─── Given records

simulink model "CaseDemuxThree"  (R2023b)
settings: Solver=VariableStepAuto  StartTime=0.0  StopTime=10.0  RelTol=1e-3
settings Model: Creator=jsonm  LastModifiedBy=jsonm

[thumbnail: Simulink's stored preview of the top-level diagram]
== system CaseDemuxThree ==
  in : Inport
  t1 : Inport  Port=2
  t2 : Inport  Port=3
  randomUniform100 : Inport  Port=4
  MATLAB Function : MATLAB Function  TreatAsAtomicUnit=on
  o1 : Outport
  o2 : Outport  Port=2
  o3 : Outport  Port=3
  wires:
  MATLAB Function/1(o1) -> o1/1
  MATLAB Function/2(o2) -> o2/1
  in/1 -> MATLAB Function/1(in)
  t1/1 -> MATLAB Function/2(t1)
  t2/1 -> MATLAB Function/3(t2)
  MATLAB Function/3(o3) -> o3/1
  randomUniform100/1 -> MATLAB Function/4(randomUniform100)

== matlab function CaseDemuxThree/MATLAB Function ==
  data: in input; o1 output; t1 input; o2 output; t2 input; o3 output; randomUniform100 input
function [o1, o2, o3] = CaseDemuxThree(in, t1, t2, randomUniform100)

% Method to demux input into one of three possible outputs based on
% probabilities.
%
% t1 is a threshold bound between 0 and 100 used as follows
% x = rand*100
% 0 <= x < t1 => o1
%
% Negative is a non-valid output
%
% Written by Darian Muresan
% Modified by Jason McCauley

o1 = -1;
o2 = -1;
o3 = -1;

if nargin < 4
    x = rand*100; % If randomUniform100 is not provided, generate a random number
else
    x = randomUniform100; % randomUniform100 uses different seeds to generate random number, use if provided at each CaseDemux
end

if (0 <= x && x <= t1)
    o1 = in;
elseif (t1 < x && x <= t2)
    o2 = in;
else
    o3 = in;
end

──────

Every record in the material above should be set down exactly.

(Response area):
simulink model "CaseDemuxThree"  (R2023b)
settings: Solver=VariableStepAuto  StartTime=0.0  StopTime=10.0  RelTol=1e-3
settings Model: Creator=jsonm  LastModifiedBy=jsonm

[thumbnail: Simulink's stored preview of the top-level diagram]
== system CaseDemuxThree ==
  in : Inport
  t1 : Inport  Port=2
  t2 : Inport  Port=3
  randomUniform100 : Inport  Port=4
  MATLAB Function : MATLAB Function  TreatAsAtomicUnit=on
  o1 : Outport
  o2 : Outport  Port=2
  o3 : Outport  Port=3
  wires:
  MATLAB Function/1(o1) -> o1/1
  MATLAB Function/2(o2) -> o2/1
  in/1 -> MATLAB Function/1(in)
  t1/1 -> MATLAB Function/2(t1)
  t2/1 -> MATLAB Function/3(t2)
  MATLAB Function/3(o3) -> o3/1
  randomUniform100/1 -> MATLAB Function/4(randomUniform100)

== matlab function CaseDemuxThree/MATLAB Function ==
  data: in input; o1 output; t1 input; o2 output; t2 input; o3 output; randomUniform100 input
function [o1, o2, o3] = CaseDemuxThree(in, t1, t2, randomUniform100)

% Method to demux input into one of three possible outputs based on
% probabilities.
%
% t1 is a threshold bound between 0 and 100 used as follows
% x = rand*100
% 0 <= x < t1 => o1
%
% Negative is a non-valid output
%
% Written by Darian Muresan
% Modified by Jason McCauley

o1 = -1;
o2 = -1;
o3 = -1;

if nargin < 4
    x = rand*100; % If randomUniform100 is not provided, generate a random number
else
    x = randomUniform100; % randomUniform100 uses different seeds to generate random number, use if provided at each CaseDemux
end

if (0 <= x && x <= t1)
    o1 = in;
elseif (t1 < x && x <= t2)
    o2 = in;
else
    o3 = in;
end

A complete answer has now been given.